A tokenizer is a software component that breaks down text into smaller units called tokens. These tokens can be words, characters, or subwords.

How does a Tokenizer work?

A tokenizer typically works by applying a set of rules to the input text.

How did you build this Llama Hindi Tokenizer?

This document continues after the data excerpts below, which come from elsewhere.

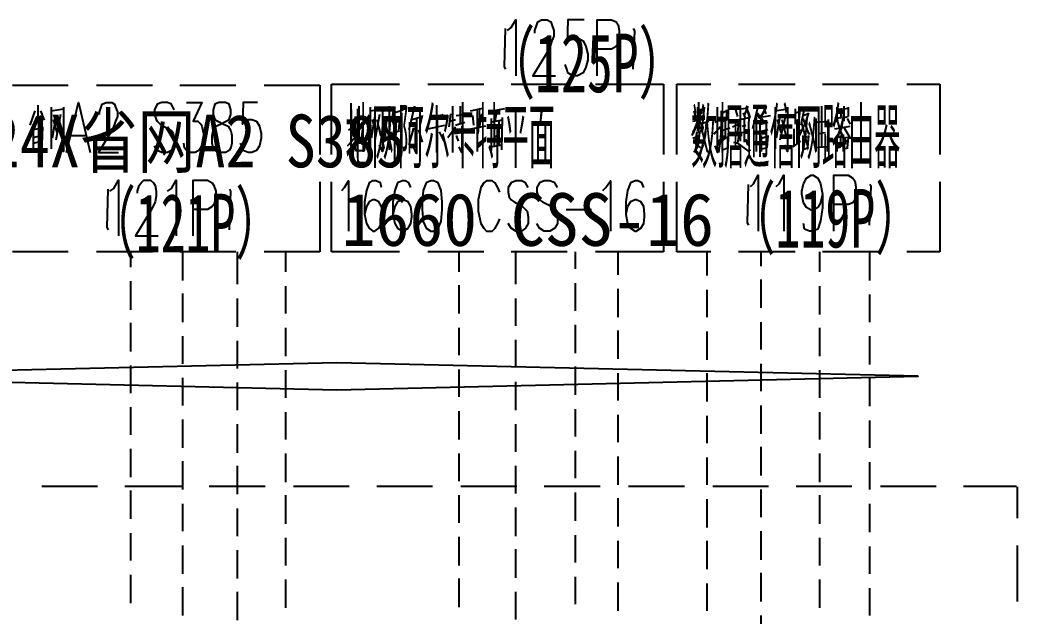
# Model space of a CAD drawing. Header units: metres. Extents: x 17 to 1757, y 17 to 1207.
# Drawn here: x 994.2 to 1145.9, y 957 to 1047.6 of the extents above; entities that cross this region are included whole.
import ezdxf

# ---------------------------------------------------------------- set-up
doc = ezdxf.new("R2010")
doc.units = ezdxf.units.M
for name, color, linetype in [('LINES', 7, 'Continuous'), ('POLYLINES', 4, 'Continuous'), ('TEXTS', 3, 'Continuous')]:
    doc.layers.add(name, color=color, linetype=linetype)

msp = doc.modelspace()

# ---------------------------------------------------------------- linework, layer by layer
at = {"layer": 'LINES'}
for p, q in [((993.05, 1037.66), (1001.54, 1037.66)), ((1005.86, 1037.66), (1014.36, 1037.66)), ((1018.54, 1037.66), (1027.03, 1037.66)), ((1031.35, 1037.66), (1039.85, 1037.66)), ((1039.85, 1037.66), (1039.85, 1027.15)), ((1041.58, 1037.81), (1051.94, 1037.81)), ((1041.58, 1027.15), (1041.58, 1037.81)), ((1056.26, 1037.81), (1064.76, 1037.81)), ((1068.94, 1037.81), (1077.43, 1037.81)), ((1081.75, 1037.81), (1092.12, 1037.81)), ((1092.12, 1037.81), (1092.12, 1027.15)), ((1094.14, 1037.81), (1099.32, 1037.81)), ((1094.14, 1027.15), (1094.14, 1037.81)), ((1103.5, 1037.81), (1112.14, 1037.81)), ((1116.31, 1037.81), (1124.81, 1037.81)), ((1129.13, 1037.81), (1134.17, 1037.81)), ((1134.17, 1037.81), (1134.17, 1027.15)), ((996.94, 1034.64), (996.94, 1032.34)), ((1057.56, 1034.64), (1057.56, 1031.33)), ((1106.52, 1034.64), (1105.66, 1031.04)), ((1107.24, 1034.64), (1107.67, 1033.34)), ((995.78, 1031.62), (996.5, 1033.78)), ((997.94, 1032.34), (997.37, 1033.78)), ((998.95, 1034.35), (998.95, 1028.02)), ((998.95, 1033.78), (1000.82, 1034.06)), ((1000.39, 1033.2), (999.67, 1029.31)), ((1044.6, 1033.92), (1044.6, 1029.17)), ((1045.75, 1034.5), (1045.75, 1028.74)), ((1047.48, 1034.35), (1047.48, 1028.02)), ((1047.48, 1033.78), (1049.35, 1034.06)), ((1048.92, 1033.2), (1048.2, 1029.31)), ((1050.36, 1034.5), (1050.36, 1027.87)), ((1050.36, 1033.92), (1050.94, 1034.21)), ((1051.08, 1033.49), (1052.52, 1033.92)), ((1054.25, 1034.5), (1053.38, 1030.9)), ((1057.56, 1032.91), (1058.57, 1033.2)), ((1059.72, 1033.34), (1059.43, 1031.33)), ((1060.01, 1034.5), (1060.01, 1027.44)), ((1060.58, 1033.06), (1061.74, 1033.2)), ((1061.16, 1034.5), (1061.16, 1031.76)), ((1062.74, 1033.78), (1064.62, 1034.21)), ((1063.75, 1033.92), (1063.75, 1027.58)), ((1064.18, 1031.47), (1064.47, 1033.34)), ((1067.93, 1034.06), (1065.48, 1033.63)), ((1066.49, 1032.19), (1066.78, 1033.92)), ((1096.73, 1033.78), (1097.02, 1032.62)), ((1097.3, 1034.35), (1097.3, 1030.75)), ((1097.74, 1034.06), (1097.59, 1032.48)), ((1101.77, 1033.78), (1100.9, 1033.34)), ((1101.77, 1032.48), (1101.77, 1033.92)), ((1103.06, 1033.92), (1103.35, 1032.91)), ((1103.78, 1034.06), (1104.79, 1034.21)), ((1104.22, 1033.49), (1104.5, 1032.77)), ((1104.94, 1034.5), (1104.36, 1033.06)), ((1109.11, 1034.35), (1109.11, 1028.02)), ((1109.11, 1033.78), (1110.98, 1034.06)), ((1110.7, 1033.2), (1109.83, 1029.31)), ((1112.14, 1034.06), (1112.14, 1031.76)), ((1112.14, 1033.49), (1112.71, 1033.63)), ((1112.86, 1033.92), (1112.71, 1032.48)), ((1113.58, 1034.35), (1113, 1031.62)), ((1113.29, 1033.06), (1114.01, 1033.34)), ((1114.15, 1033.49), (1113.58, 1031.62)), ((1116.17, 1034.5), (1116.17, 1028.3)), ((1118.47, 1034.35), (1118.47, 1032.05)), ((1118.47, 1033.92), (1119.05, 1034.06)), ((1119.19, 1034.21), (1119.05, 1032.62)), ((1119.62, 1032.19), (1119.62, 1034.5)), ((1119.62, 1034.06), (1120.2, 1034.21)), ((1120.2, 1034.35), (1120.2, 1032.91)), ((999.67, 1032.91), (999.1, 1029.6)), ((999.24, 1032.48), (999.82, 1030.46)), ((999.96, 1032.48), (1000.54, 1030.03)), ((1045.03, 1030.46), (1046.33, 1032.05)), ((1048.2, 1032.91), (1047.62, 1029.6)), ((1047.77, 1032.48), (1048.34, 1030.46)), ((1048.49, 1032.48), (1049.06, 1030.03)), ((1051.37, 1032.48), (1051.37, 1030.03)), ((1051.37, 1032.05), (1051.8, 1032.19)), ((1051.94, 1032.48), (1051.8, 1030.75)), ((1053.82, 1032.48), (1055.4, 1032.91)), ((1055.4, 1033.06), (1055.11, 1031.76)), ((1056.26, 1031.04), (1058.86, 1031.62)), ((1059.58, 1032.19), (1060.44, 1032.48)), ((1060.44, 1031.62), (1061.88, 1032.05)), ((1063.03, 1033.06), (1063.18, 1031.62)), ((1065.91, 1032.62), (1065.91, 1027.73)), ((1067.64, 1032.34), (1065.91, 1032.05)), ((1066.34, 1032.05), (1066.34, 1028.45)), ((1067.06, 1032.19), (1067.06, 1028.59)), ((1067.5, 1027.87), (1067.64, 1032.77)), ((1097.3, 1032.19), (1096.44, 1030.03)), ((1096.58, 1032.19), (1098.02, 1032.48)), ((1097.3, 1032.05), (1097.74, 1031.04)), ((1098.02, 1031.9), (1099.03, 1032.19)), ((1099.9, 1032.05), (1100.76, 1032.48)), ((1101.91, 1032.48), (1100.9, 1032.05)), ((1101.48, 1032.19), (1101.48, 1029.6)), ((1102.63, 1031.33), (1103.5, 1031.76)), ((1103.78, 1032.91), (1103.78, 1029.17)), ((1103.78, 1032.48), (1105.08, 1032.77)), ((1104.07, 1031.47), (1104.65, 1031.62)), ((1104.36, 1032.62), (1104.36, 1029.02)), ((1106.23, 1033.06), (1106.23, 1027.58)), ((1106.52, 1032.77), (1108.39, 1033.06)), ((1106.81, 1031.76), (1107.96, 1032.05)), ((1109.83, 1032.91), (1109.26, 1029.6)), ((1109.4, 1032.48), (1109.98, 1030.46)), ((1110.12, 1032.48), (1110.7, 1030.03)), ((1112.86, 1032.48), (1112.14, 1032.19)), ((1112.42, 1032.34), (1112.42, 1028.88)), ((1113.58, 1031.76), (1112.71, 1029.89)), ((1115.3, 1032.62), (1115.3, 1027.58)), ((1115.3, 1032.05), (1117.18, 1032.19)), ((1117.18, 1032.48), (1117.03, 1027.58)), ((1119.19, 1032.77), (1118.47, 1032.62)), ((1119.62, 1032.77), (1120.2, 1032.91)), ((1120.06, 1032.62), (1120.49, 1031.76)), ((997.66, 1031.18), (996.22, 1030.9)), ((996.22, 1031.04), (996.22, 1027.44)), ((997.51, 1027.44), (997.66, 1031.33)), ((1044.17, 1030.9), (1045.03, 1031.33)), ((1050.79, 1029.89), (1050.65, 1030.61)), ((1051.37, 1030.61), (1051.94, 1030.75)), ((1054.1, 1031.18), (1053.38, 1028.59)), ((1054.82, 1030.9), (1055.4, 1029.02)), ((1057.56, 1031.33), (1057.56, 1027.44)), ((1057.99, 1030.61), (1058.71, 1029.17)), ((1059.29, 1029.74), (1060.44, 1031.33)), ((1060.3, 1030.32), (1062.02, 1030.61)), ((1065.05, 1031.47), (1062.31, 1030.9)), ((1066.92, 1031.18), (1066.34, 1031.04)), ((1100.76, 1031.33), (1099.75, 1030.18)), ((1100.9, 1030.75), (1102.2, 1031.18)), ((1104.07, 1030.46), (1104.79, 1030.61)), ((1107.96, 1030.9), (1106.81, 1030.61)), ((1111.99, 1028.45), (1111.99, 1031.04)), ((1112.42, 1030.75), (1113, 1030.9)), ((1115.59, 1030.32), (1116.74, 1030.46)), ((1118.18, 1031.04), (1120.49, 1031.47)), ((1119.48, 1027.58), (1119.48, 1030.18)), ((996.22, 1029.74), (997.37, 1030.03)), ((996.22, 1028.88), (997.37, 1029.17)), ((1001.98, 1030.03), (1004.14, 1030.03)), ((1044.02, 1028.45), (1045.18, 1029.74)), ((1060.58, 1030.03), (1060.87, 1029.17)), ((1065.91, 1028.3), (1067.5, 1028.59)), ((1066.34, 1029.89), (1066.92, 1030.03)), ((1096.58, 1029.6), (1097.59, 1030.03)), ((1101.91, 1029.74), (1101.05, 1029.46)), ((1101.05, 1029.74), (1101.05, 1027.44)), ((1101.91, 1028.16), (1101.91, 1029.89)), ((1106.95, 1030.03), (1106.95, 1027.58)), ((1106.95, 1029.6), (1107.82, 1029.89)), ((1107.96, 1030.03), (1107.82, 1028.16)), ((1111.85, 1028.3), (1113, 1029.17)), ((1113.29, 1030.03), (1113.29, 1027.58)), ((1113.29, 1029.74), (1114.01, 1029.89)), ((1114.15, 1030.03), (1114.01, 1028.16)), ((1118.47, 1029.74), (1119.05, 1029.89)), ((1118.47, 1029.89), (1118.47, 1027.58)), ((1119.05, 1030.03), (1119.05, 1028.3)), ((1120.2, 1029.74), (1119.48, 1029.6)), ((1120.2, 1029.74), (1120.06, 1028.16)), ((996.22, 1027.87), (997.51, 1028.02)), ((1101.05, 1027.87), (1101.91, 1028.16)), ((1105.08, 1027.73), (1105.37, 1027.87)), ((1106.95, 1028.02), (1107.82, 1028.16)), ((1114.15, 1028.16), (1113.29, 1027.87)), ((1117.03, 1028.3), (1115.3, 1028.16)), ((1118.47, 1028.16), (1119.05, 1028.3)), ((1119.48, 1028.02), (1120.2, 1028.16)), ((1039.85, 1022.98), (1039.85, 1012.32)), ((1041.58, 1012.32), (1041.58, 1022.98)), ((1092.12, 1022.98), (1092.12, 1012.32)), ((1094.14, 1012.32), (1094.14, 1022.98)), ((1134.17, 1022.98), (1134.17, 1012.32)), ((1077.29, 1018.8), (1081.18, 1018.8)), ((1001.54, 1012.32), (993.05, 1012.32)), ((1014.36, 1012.32), (1005.86, 1012.32)), ((1011.05, 1010.02), (1011.05, 1012.32)), ((1027.03, 1012.32), (1018.54, 1012.32)), ((1018.97, 1008), (1018.97, 1012.32)), ((1027.32, 1007.42), (1027.32, 1012.32)), ((1039.85, 1012.32), (1031.35, 1012.32)), ((1034.66, 1009.3), (1034.66, 1012.32)), ((1051.94, 1012.32), (1041.58, 1012.32)), ((1064.76, 1012.32), (1056.26, 1012.32)), ((1061.02, 1009.3), (1061.02, 1012.32)), ((1077.43, 1012.32), (1068.94, 1012.32)), ((1069.66, 1007.42), (1069.66, 1012.32)), ((1078.73, 1009.73), (1078.73, 1012.32)), ((1092.12, 1012.32), (1081.75, 1012.32)), ((1085.21, 1008.86), (1085.21, 1012.32)), ((1099.32, 1012.32), (1094.14, 1012.32)), ((1098.74, 1008.72), (1098.74, 1012.32)), ((1112.14, 1012.32), (1103.5, 1012.32)), ((1106.95, 1010.16), (1106.95, 1012.32)), ((1115.88, 1009.3), (1115.88, 1012.32)), ((1124.81, 1012.32), (1116.31, 1012.32)), ((1123.51, 1008), (1123.51, 1012.32)), ((1134.17, 1012.32), (1129.13, 1012.32)), ((1011.05, 1003.54), (1011.05, 1007.86)), ((1078.73, 1003.39), (1078.73, 1007.57)), ((1106.95, 1003.82), (1106.95, 1008.14)), ((1018.97, 1001.66), (1018.97, 1005.98)), ((1034.66, 1002.96), (1034.66, 1007.14)), ((1061.02, 1002.96), (1061.02, 1007.28)), ((1085.21, 1002.38), (1085.21, 1006.7)), ((1098.74, 1002.38), (1098.74, 1006.56)), ((1115.88, 1002.82), (1115.88, 1007.14)), ((1123.51, 1001.66), (1123.51, 1005.84)), ((1027.32, 1000.94), (1027.32, 1005.26)), ((1069.66, 1001.09), (1069.66, 1005.26)), ((1011.05, 997.2), (1011.05, 1001.52)), ((1078.73, 996.91), (1078.73, 1001.23)), ((1106.95, 997.49), (1106.95, 1001.66)), ((1034.66, 996.48), (1034.66, 1000.8)), ((1061.02, 996.62), (1061.02, 1000.8)), ((1085.21, 996.05), (1085.21, 1000.37)), ((1098.74, 995.9), (1098.74, 1000.22)), ((1115.88, 996.48), (1115.88, 1000.8)), ((1018.97, 995.33), (1018.97, 999.5)), ((1027.32, 994.61), (1027.32, 998.78)), ((1069.66, 994.75), (1069.66, 998.93)), ((1123.51, 995.18), (1123.51, 999.5)), ((1106.95, 991.15), (1106.95, 995.33)), ((1011.05, 990.86), (1011.05, 995.04)), ((1034.66, 990.14), (1034.66, 994.32)), ((1061.02, 990.29), (1061.02, 994.46)), ((1078.73, 990.58), (1078.73, 994.9)), ((1085.21, 989.71), (1085.21, 993.89)), ((1098.74, 989.57), (1098.74, 993.89)), ((1115.88, 990.14), (1115.88, 994.32)), ((1018.97, 988.99), (1018.97, 993.17)), ((1027.32, 988.27), (1027.32, 992.45)), ((1069.66, 988.27), (1069.66, 992.59)), ((1123.51, 988.85), (1123.51, 993.17)), ((1011.05, 984.53), (1011.05, 988.7)), ((1034.66, 983.81), (1034.66, 987.98)), ((1061.02, 983.81), (1061.02, 988.13)), ((1078.73, 984.24), (1078.73, 988.42)), ((1106.95, 984.67), (1106.95, 988.99)), ((1115.88, 983.81), (1115.88, 987.98)), ((1018.97, 982.51), (1018.97, 986.83)), ((1027.32, 981.79), (1027.32, 986.11)), ((1069.66, 981.94), (1069.66, 986.11)), ((1085.21, 983.38), (1085.21, 987.55)), ((1098.74, 983.23), (1098.74, 987.41)), ((1123.51, 982.51), (1123.51, 986.69)), ((1011.05, 978.05), (1011.05, 982.37)), ((1034.66, 977.33), (1034.66, 981.65)), ((1061.02, 977.47), (1061.02, 981.65)), ((1078.73, 977.9), (1078.73, 982.08)), ((1106.95, 978.34), (1106.95, 982.66)), ((1115.88, 977.33), (1115.88, 981.65)), ((1018.97, 976.18), (1018.97, 980.5)), ((1085.21, 976.9), (1085.21, 981.22)), ((1098.74, 976.9), (1098.74, 981.07)), ((1123.51, 976.18), (1123.51, 980.35)), ((1027.32, 975.46), (1027.32, 979.78)), ((1069.66, 975.6), (1069.66, 979.78)), ((997.51, 976.68), (1006.01, 976.68)), ((1010.18, 976.68), (1018.82, 976.68)), ((1011.05, 971.71), (1011.05, 976.03)), ((1023, 976.68), (1031.5, 976.68)), ((1035.82, 976.68), (1044.31, 976.68)), ((1048.49, 976.68), (1056.98, 976.68)), ((1061.3, 976.68), (1069.8, 976.68)), ((1073.98, 976.68), (1082.47, 976.68)), ((1078.73, 971.42), (1078.73, 975.74)), ((1086.79, 976.68), (1095.29, 976.68)), ((1099.61, 976.68), (1108.1, 976.68)), ((1106.95, 972), (1106.95, 976.18)), ((1112.28, 976.68), (1120.78, 976.68)), ((1125.1, 976.68), (1133.59, 976.68)), ((1137.77, 976.68), (1145.83, 976.68)), ((1145.9, 976.61), (1145.9, 971.86)), ((1018.97, 969.84), (1018.97, 974.02)), ((1034.66, 970.99), (1034.66, 975.31)), ((1061.02, 971.14), (1061.02, 975.31)), ((1085.21, 970.56), (1085.21, 974.88)), ((1098.74, 970.42), (1098.74, 974.74)), ((1115.88, 970.99), (1115.88, 975.31)), ((1123.51, 969.7), (1123.51, 974.02)), ((1027.32, 969.12), (1027.32, 973.3)), ((1069.66, 969.12), (1069.66, 973.44)), ((1011.05, 965.38), (1011.05, 969.55)), ((1106.95, 965.52), (1106.95, 969.84)), ((1034.66, 964.66), (1034.66, 968.83)), ((1061.02, 964.66), (1061.02, 968.98)), ((1078.73, 965.09), (1078.73, 969.26)), ((1085.21, 964.22), (1085.21, 968.4)), ((1098.74, 964.08), (1098.74, 968.4)), ((1115.88, 964.66), (1115.88, 968.83)), ((1018.97, 963.36), (1018.97, 967.68)), ((1027.32, 962.64), (1027.32, 966.96)), ((1069.66, 962.78), (1069.66, 967.1)), ((1123.51, 963.36), (1123.51, 967.54)), ((1145.9, 967.68), (1145.9, 959.18)), ((1106.95, 959.18), (1106.95, 963.5)), ((1011.05, 958.9), (1011.05, 963.22)), ((1034.66, 958.18), (1034.66, 962.5)), ((1061.02, 958.32), (1061.02, 962.64)), ((1078.73, 958.75), (1078.73, 962.93)), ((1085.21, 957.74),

We built this Llama Hindi Tokenizer by combining the AI4Bharat corpus with the Llama 2 32k Tokenizer.

Tokenizer Architecture

  1. Base Architecture: Llama 2 Tokeniser
  2. Input: Hindi text
  3. Tokenization: BPE Tokenizer
  4. Vocabulary: Learned from the AI4Bharat corpus
  5. Output: Sequence of tokens

How to use this Tokeniser

  1. Download special_tokens_map.json, tokenizer.model and tokenizer_config.json to a folder.
  2. Create your Notebook in the parent directory and use this code below to use the tokeniser
from transformers import LlamaForCausalLM, LlamaTokenizer

tokenizer = LlamaTokenizer.from_pretrained("Path_to_the_downloaded_tokeniser_folder")
model = LlamaForCausalLM.from_pretrained("meta-llama/Llama-2-7b-hf")
  1. Further using this tokeniser and the base Llama 2 model, a new Hindi+English LLM can be created by curating an instruction dataset in Hindi and finetuning the base model.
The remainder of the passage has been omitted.